### Exercise data
----------------

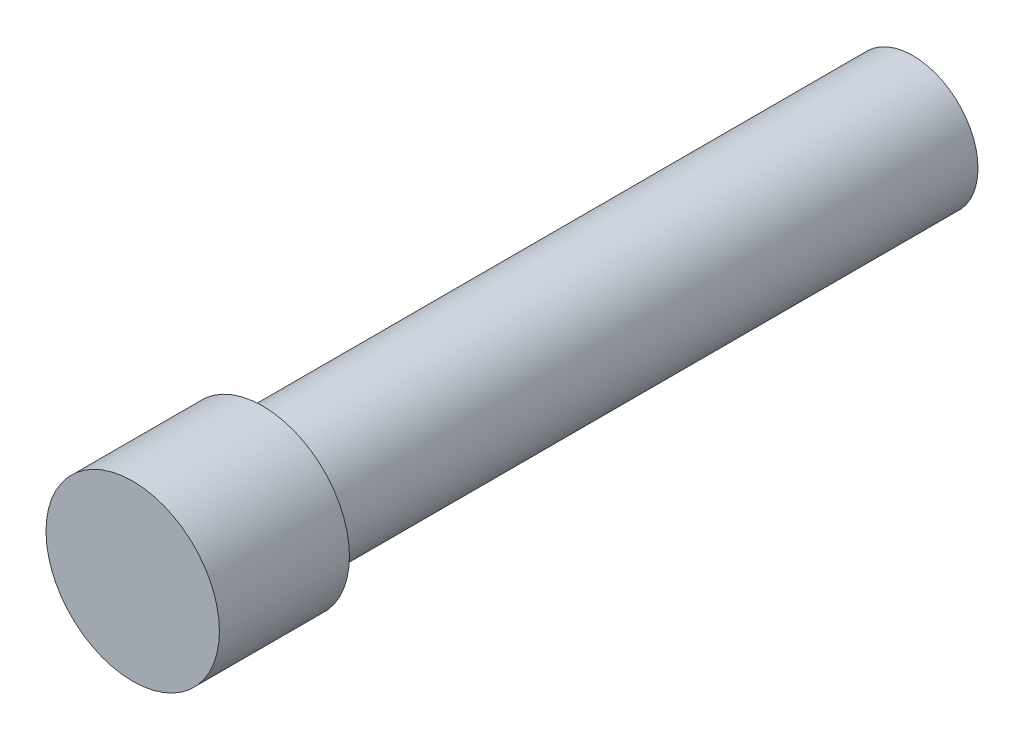
ISO-10303-21;
HEADER;
FILE_DESCRIPTION(('STEP AP214'),'2;1');
FILE_NAME('part.step','',(''),(''),'','','');
FILE_SCHEMA(('AUTOMOTIVE_DESIGN { 1 0 10303 214 1 1 1 1 }'));
ENDSEC;
DATA;
#1=APPLICATION_CONTEXT('core data for automotive mechanical design processes');
#2=APPLICATION_PROTOCOL_DEFINITION('international standard','automotive_design',2000,#1);
#3=PRODUCT_CONTEXT('',#1,'mechanical');
#4=PRODUCT('Part','Part','',(#3));
#5=PRODUCT_RELATED_PRODUCT_CATEGORY('part','',(#4));
#6=PRODUCT_DEFINITION_FORMATION('','',#4);
#7=PRODUCT_DEFINITION_CONTEXT('part definition',#1,'design');
#8=PRODUCT_DEFINITION('design','',#6,#7);
#9=PRODUCT_DEFINITION_SHAPE('','',#8);
#10=(LENGTH_UNIT() NAMED_UNIT(*) SI_UNIT(.MILLI.,.METRE.));
#11=(NAMED_UNIT(*) PLANE_ANGLE_UNIT() SI_UNIT($,.RADIAN.));
#12=(NAMED_UNIT(*) SI_UNIT($,.STERADIAN.) SOLID_ANGLE_UNIT());
#13=UNCERTAINTY_MEASURE_WITH_UNIT(LENGTH_MEASURE(1.E-05),#10,'distance_accuracy_value','');
#14=(GEOMETRIC_REPRESENTATION_CONTEXT(3) GLOBAL_UNCERTAINTY_ASSIGNED_CONTEXT((#13)) GLOBAL_UNIT_ASSIGNED_CONTEXT((#10,
#11,#12)) REPRESENTATION_CONTEXT('',''));
#15=CARTESIAN_POINT('',(0.,0.,0.));
#16=DIRECTION('',(0.,0.,1.));
#17=DIRECTION('',(1.,0.,0.));
#18=AXIS2_PLACEMENT_3D('',#15,#16,#17);
#19=CARTESIAN_POINT('',(0.,0.,15.));
#20=DIRECTION('',(0.,0.,-1.));
#21=DIRECTION('',(-1.,0.,0.));
#22=AXIS2_PLACEMENT_3D('',#19,#20,#21);
#23=CYLINDRICAL_SURFACE('',#22,1.5);
#24=CARTESIAN_POINT('',(0.,0.,15.));
#25=DIRECTION('',(0.,0.,1.));
#26=DIRECTION('',(1.,0.,0.));
#27=AXIS2_PLACEMENT_3D('',#24,#25,#26);
#28=CIRCLE('',#27,1.5);
#29=CARTESIAN_POINT('',(1.5,0.,15.));
#30=VERTEX_POINT('',#29);
#31=EDGE_CURVE('E10',#30,#30,#28,.T.);
#32=ORIENTED_EDGE('',*,*,#31,.F.);
#33=EDGE_LOOP('',(#32));
#34=FACE_BOUND('',#33,.T.);
#35=CARTESIAN_POINT('',(0.,0.,0.));
#36=DIRECTION('',(0.,0.,1.));
#37=DIRECTION('',(1.,0.,0.));
#38=AXIS2_PLACEMENT_3D('',#35,#36,#37);
#39=CIRCLE('',#38,1.5);
#40=CARTESIAN_POINT('',(1.5,0.,0.));
#41=VERTEX_POINT('',#40);
#42=EDGE_CURVE('E34',#41,#41,#39,.T.);
#43=ORIENTED_EDGE('',*,*,#42,.T.);
#44=EDGE_LOOP('',(#43));
#45=FACE_BOUND('',#44,.T.);
#46=ADVANCED_FACE('F31',(#34,#45),#23,.T.);
#47=CARTESIAN_POINT('',(0.,0.,0.));
#48=DIRECTION('',(0.,0.,1.));
#49=DIRECTION('',(1.,0.,0.));
#50=AXIS2_PLACEMENT_3D('',#47,#48,#49);
#51=PLANE('',#50);
#52=ORIENTED_EDGE('',*,*,#42,.F.);
#53=EDGE_LOOP('',(#52));
#54=FACE_BOUND('',#53,.T.);
#55=ADVANCED_FACE('F54',(#54),#51,.F.);
#56=CARTESIAN_POINT('',(0.,0.,18.));
#57=DIRECTION('',(0.,0.,-1.));
#58=DIRECTION('',(-1.,0.,0.));
#59=AXIS2_PLACEMENT_3D('',#56,#57,#58);
#60=CYLINDRICAL_SURFACE('',#59,2.);
#61=CARTESIAN_POINT('',(0.,0.,18.));
#62=DIRECTION('',(0.,0.,1.));
#63=DIRECTION('',(1.,0.,0.));
#64=AXIS2_PLACEMENT_3D('',#61,#62,#63);
#65=CIRCLE('',#64,2.);
#66=CARTESIAN_POINT('',(2.,0.,18.));
#67=VERTEX_POINT('',#66);
#68=EDGE_CURVE('E41',#67,#67,#65,.T.);
#69=ORIENTED_EDGE('',*,*,#68,.F.);
#70=EDGE_LOOP('',(#69));
#71=FACE_BOUND('',#70,.T.);
#72=CARTESIAN_POINT('',(0.,0.,15.));
#73=DIRECTION('',(0.,0.,1.));
#74=DIRECTION('',(1.,0.,0.));
#75=AXIS2_PLACEMENT_3D('',#72,#73,#74);
#76=CIRCLE('',#75,2.);
#77=CARTESIAN_POINT('',(2.,0.,15.));
#78=VERTEX_POINT('',#77);
#79=EDGE_CURVE('E43',#78,#78,#76,.T.);
#80=ORIENTED_EDGE('',*,*,#79,.T.);
#81=EDGE_LOOP('',(#80));
#82=FACE_BOUND('',#81,.T.);
#83=ADVANCED_FACE('F51',(#71,#82),#60,.T.);
#84=CARTESIAN_POINT('',(0.,0.,18.));
#85=DIRECTION('',(0.,0.,1.));
#86=DIRECTION('',(1.,0.,0.));
#87=AXIS2_PLACEMENT_3D('',#84,#85,#86);
#88=PLANE('',#87);
#89=ORIENTED_EDGE('',*,*,#68,.T.);
#90=EDGE_LOOP('',(#89));
#91=FACE_BOUND('',#90,.T.);
#92=ADVANCED_FACE('F49',(#91),#88,.T.);
#93=CARTESIAN_POINT('',(0.,0.,15.));
#94=DIRECTION('',(0.,0.,1.));
#95=DIRECTION('',(1.,0.,0.));
#96=AXIS2_PLACEMENT_3D('',#93,#94,#95);
#97=PLANE('',#96);
#98=ORIENTED_EDGE('',*,*,#31,.T.);
#99=EDGE_LOOP('',(#98));
#100=FACE_BOUND('',#99,.T.);
#101=ORIENTED_EDGE('',*,*,#79,.F.);
#102=EDGE_LOOP('',(#101));
#103=FACE_BOUND('',#102,.T.);
#104=ADVANCED_FACE('F58',(#100,#103),#97,.F.);
#105=CLOSED_SHELL('',(#46,#55,#83,#92,#104));
#106=MANIFOLD_SOLID_BREP('B2',#105);
#107=ADVANCED_BREP_SHAPE_REPRESENTATION('',(#18,#106),#14);
#108=SHAPE_DEFINITION_REPRESENTATION(#9,#107);
ENDSEC;
END-ISO-10303-21;
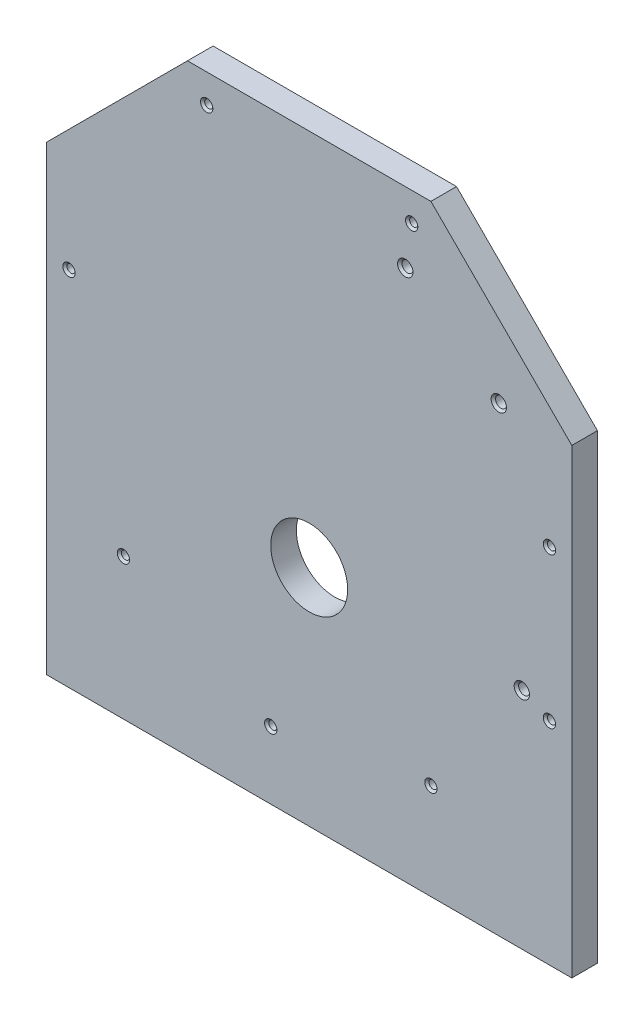
ISO-10303-21;
HEADER;
FILE_DESCRIPTION(('STEP AP214'),'2;1');
FILE_NAME('part.step','',(''),(''),'','','');
FILE_SCHEMA(('AUTOMOTIVE_DESIGN { 1 0 10303 214 1 1 1 1 }'));
ENDSEC;
DATA;
#1=APPLICATION_CONTEXT('core data for automotive mechanical design processes');
#2=APPLICATION_PROTOCOL_DEFINITION('international standard','automotive_design',2000,#1);
#3=PRODUCT_CONTEXT('',#1,'mechanical');
#4=PRODUCT('Part','Part','',(#3));
#5=PRODUCT_RELATED_PRODUCT_CATEGORY('part','',(#4));
#6=PRODUCT_DEFINITION_FORMATION('','',#4);
#7=PRODUCT_DEFINITION_CONTEXT('part definition',#1,'design');
#8=PRODUCT_DEFINITION('design','',#6,#7);
#9=PRODUCT_DEFINITION_SHAPE('','',#8);
#10=(LENGTH_UNIT() NAMED_UNIT(*) SI_UNIT(.MILLI.,.METRE.));
#11=(NAMED_UNIT(*) PLANE_ANGLE_UNIT() SI_UNIT($,.RADIAN.));
#12=(NAMED_UNIT(*) SI_UNIT($,.STERADIAN.) SOLID_ANGLE_UNIT());
#13=UNCERTAINTY_MEASURE_WITH_UNIT(LENGTH_MEASURE(1.E-05),#10,'distance_accuracy_value','');
#14=(GEOMETRIC_REPRESENTATION_CONTEXT(3) GLOBAL_UNCERTAINTY_ASSIGNED_CONTEXT((#13)) GLOBAL_UNIT_ASSIGNED_CONTEXT((#10,
#11,#12)) REPRESENTATION_CONTEXT('',''));
#15=CARTESIAN_POINT('',(0.,0.,0.));
#16=DIRECTION('',(0.,0.,1.));
#17=DIRECTION('',(1.,0.,0.));
#18=AXIS2_PLACEMENT_3D('',#15,#16,#17);
#19=CARTESIAN_POINT('',(0.,0.,0.));
#20=DIRECTION('',(0.,0.,1.));
#21=DIRECTION('',(1.,0.,0.));
#22=AXIS2_PLACEMENT_3D('',#19,#20,#21);
#23=PLANE('',#22);
#24=CARTESIAN_POINT('',(105.41,-57.15,0.));
#25=DIRECTION('',(0.,0.,-1.));
#26=DIRECTION('',(-1.,0.,0.));
#27=AXIS2_PLACEMENT_3D('',#24,#25,#26);
#28=CIRCLE('',#27,3.80999999999999);
#29=CARTESIAN_POINT('',(101.6,-57.15,0.));
#30=VERTEX_POINT('',#29);
#31=EDGE_CURVE('E321',#30,#30,#28,.T.);
#32=ORIENTED_EDGE('',*,*,#31,.F.);
#33=EDGE_LOOP('',(#32));
#34=FACE_BOUND('',#33,.T.);
#35=CARTESIAN_POINT('',(93.98,60.325,0.));
#36=DIRECTION('',(0.,0.,-1.));
#37=DIRECTION('',(-1.,0.,0.));
#38=AXIS2_PLACEMENT_3D('',#35,#36,#37);
#39=CIRCLE('',#38,3.80999999999999);
#40=CARTESIAN_POINT('',(90.17,60.325,0.));
#41=VERTEX_POINT('',#40);
#42=EDGE_CURVE('E337',#41,#41,#39,.T.);
#43=ORIENTED_EDGE('',*,*,#42,.F.);
#44=EDGE_LOOP('',(#43));
#45=FACE_BOUND('',#44,.T.);
#46=CARTESIAN_POINT('',(47.625,95.25,0.));
#47=DIRECTION('',(0.,0.,-1.));
#48=DIRECTION('',(-1.,0.,0.));
#49=AXIS2_PLACEMENT_3D('',#46,#47,#48);
#50=CIRCLE('',#49,3.81);
#51=CARTESIAN_POINT('',(43.815,95.25,0.));
#52=VERTEX_POINT('',#51);
#53=EDGE_CURVE('E348',#52,#52,#50,.T.);
#54=ORIENTED_EDGE('',*,*,#53,.F.);
#55=EDGE_LOOP('',(#54));
#56=FACE_BOUND('',#55,.T.);
#57=CARTESIAN_POINT('',(-50.8,115.8875,0.));
#58=DIRECTION('',(0.,0.,-1.));
#59=DIRECTION('',(-1.,0.,0.));
#60=AXIS2_PLACEMENT_3D('',#57,#58,#59);
#61=CIRCLE('',#60,3.048);
#62=CARTESIAN_POINT('',(-53.848,115.8875,0.));
#63=VERTEX_POINT('',#62);
#64=EDGE_CURVE('E515',#63,#63,#61,.T.);
#65=ORIENTED_EDGE('',*,*,#64,.F.);
#66=EDGE_LOOP('',(#65));
#67=FACE_BOUND('',#66,.T.);
#68=CARTESIAN_POINT('',(-92.075,-98.425,0.));
#69=DIRECTION('',(0.,0.,-1.));
#70=DIRECTION('',(-1.,0.,0.));
#71=AXIS2_PLACEMENT_3D('',#68,#69,#70);
#72=CIRCLE('',#71,3.048);
#73=CARTESIAN_POINT('',(-95.123,-98.425,0.));
#74=VERTEX_POINT('',#73);
#75=EDGE_CURVE('E447',#74,#74,#72,.T.);
#76=ORIENTED_EDGE('',*,*,#75,.F.);
#77=EDGE_LOOP('',(#76));
#78=FACE_BOUND('',#77,.T.);
#79=CARTESIAN_POINT('',(60.325,-120.65,0.));
#80=DIRECTION('',(0.,0.,-1.));
#81=DIRECTION('',(-1.,0.,0.));
#82=AXIS2_PLACEMENT_3D('',#79,#80,#81);
#83=CIRCLE('',#82,3.048);
#84=CARTESIAN_POINT('',(57.277,-120.65,0.));
#85=VERTEX_POINT('',#84);
#86=EDGE_CURVE('E378',#85,#85,#83,.T.);
#87=ORIENTED_EDGE('',*,*,#86,.F.);
#88=EDGE_LOOP('',(#87));
#89=FACE_BOUND('',#88,.T.);
#90=CARTESIAN_POINT('',(119.0752,-63.5,0.));
#91=DIRECTION('',(0.,0.,-1.));
#92=DIRECTION('',(-1.,0.,0.));
#93=AXIS2_PLACEMENT_3D('',#90,#91,#92);
#94=CIRCLE('',#93,3.048);
#95=CARTESIAN_POINT('',(116.0272,-63.5,0.));
#96=VERTEX_POINT('',#95);
#97=EDGE_CURVE('E407',#96,#96,#94,.T.);
#98=ORIENTED_EDGE('',*,*,#97,.F.);
#99=EDGE_LOOP('',(#98));
#100=FACE_BOUND('',#99,.T.);
#101=DIRECTION('',(0.,1.,0.));
#102=VECTOR('',#101,1.);
#103=CARTESIAN_POINT('',(130.175,-168.275,0.));
#104=LINE('',#103,#102);
#105=CARTESIAN_POINT('',(130.175,-168.275,0.));
#106=VERTEX_POINT('',#105);
#107=CARTESIAN_POINT('',(130.175,60.3249999999998,0.));
#108=VERTEX_POINT('',#107);
#109=EDGE_CURVE('E137',#106,#108,#104,.T.);
#110=ORIENTED_EDGE('',*,*,#109,.F.);
#111=DIRECTION('',(1.,0.,0.));
#112=VECTOR('',#111,1.);
#113=CARTESIAN_POINT('',(-130.175,-168.275,0.));
#114=LINE('',#113,#112);
#115=CARTESIAN_POINT('',(-130.175,-168.275,0.));
#116=VERTEX_POINT('',#115);
#117=EDGE_CURVE('E97',#116,#106,#114,.T.);
#118=ORIENTED_EDGE('',*,*,#117,.F.);
#119=DIRECTION('',(0.,-1.,0.));
#120=VECTOR('',#119,1.);
#121=CARTESIAN_POINT('',(-130.175,60.3250000000002,0.));
#122=LINE('',#121,#120);
#123=CARTESIAN_POINT('',(-130.175,60.3250000000002,0.));
#124=VERTEX_POINT('',#123);
#125=EDGE_CURVE('E91',#124,#116,#122,.T.);
#126=ORIENTED_EDGE('',*,*,#125,.F.);
#127=DIRECTION('',(-0.707106781186549,-0.707106781186547,0.));
#128=VECTOR('',#127,1.);
#129=CARTESIAN_POINT('',(-60.325,130.175,0.));
#130=LINE('',#129,#128);
#131=CARTESIAN_POINT('',(-60.325,130.175,0.));
#132=VERTEX_POINT('',#131);
#133=EDGE_CURVE('E127',#132,#124,#130,.T.);
#134=ORIENTED_EDGE('',*,*,#133,.F.);
#135=DIRECTION('',(-1.,0.,0.));
#136=VECTOR('',#135,1.);
#137=CARTESIAN_POINT('',(60.325,130.175,0.));
#138=LINE('',#137,#136);
#139=CARTESIAN_POINT('',(60.325,130.175,0.));
#140=VERTEX_POINT('',#139);
#141=EDGE_CURVE('E143',#140,#132,#138,.T.);
#142=ORIENTED_EDGE('',*,*,#141,.F.);
#143=DIRECTION('',(-0.707106781186546,0.707106781186549,0.));
#144=VECTOR('',#143,1.);
#145=CARTESIAN_POINT('',(130.175,60.3249999999998,0.));
#146=LINE('',#145,#144);
#147=EDGE_CURVE('E140',#108,#140,#146,.T.);
#148=ORIENTED_EDGE('',*,*,#147,.F.);
#149=EDGE_LOOP('',(#110,#118,#126,#134,#142,#148));
#150=FACE_BOUND('',#149,.T.);
#151=CARTESIAN_POINT('',(0.,-57.15,0.));
#152=DIRECTION('',(0.,0.,1.));
#153=DIRECTION('',(1.,0.,0.));
#154=AXIS2_PLACEMENT_3D('',#151,#152,#153);
#155=CIRCLE('',#154,19.0754);
#156=CARTESIAN_POINT('',(19.0754,-57.15,0.));
#157=VERTEX_POINT('',#156);
#158=EDGE_CURVE('E418',#157,#157,#155,.T.);
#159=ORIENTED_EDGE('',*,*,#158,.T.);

----------------

### How to complete this task
I'd like the lines above from the one with "#40=CARTESIAN_POINT('',(1.5,0.,0.));" up to and including the one with "#60=CYLINDRICAL_SURFACE('',#59,2.);" copied exactly, with no other lines.

### Answer box
#40=CARTESIAN_POINT('',(1.5,0.,0.));
#41=VERTEX_POINT('',#40);
#42=EDGE_CURVE('E34',#41,#41,#39,.T.);
#43=ORIENTED_EDGE('',*,*,#42,.T.);
#44=EDGE_LOOP('',(#43));
#45=FACE_BOUND('',#44,.T.);
#46=ADVANCED_FACE('F31',(#34,#45),#23,.T.);
#47=CARTESIAN_POINT('',(0.,0.,0.));
#48=DIRECTION('',(0.,0.,1.));
#49=DIRECTION('',(1.,0.,0.));
#50=AXIS2_PLACEMENT_3D('',#47,#48,#49);
#51=PLANE('',#50);
#52=ORIENTED_EDGE('',*,*,#42,.F.);
#53=EDGE_LOOP('',(#52));
#54=FACE_BOUND('',#53,.T.);
#55=ADVANCED_FACE('F54',(#54),#51,.F.);
#56=CARTESIAN_POINT('',(0.,0.,18.));
#57=DIRECTION('',(0.,0.,-1.));
#58=DIRECTION('',(-1.,0.,0.));
#59=AXIS2_PLACEMENT_3D('',#56,#57,#58);
#60=CYLINDRICAL_SURFACE('',#59,2.);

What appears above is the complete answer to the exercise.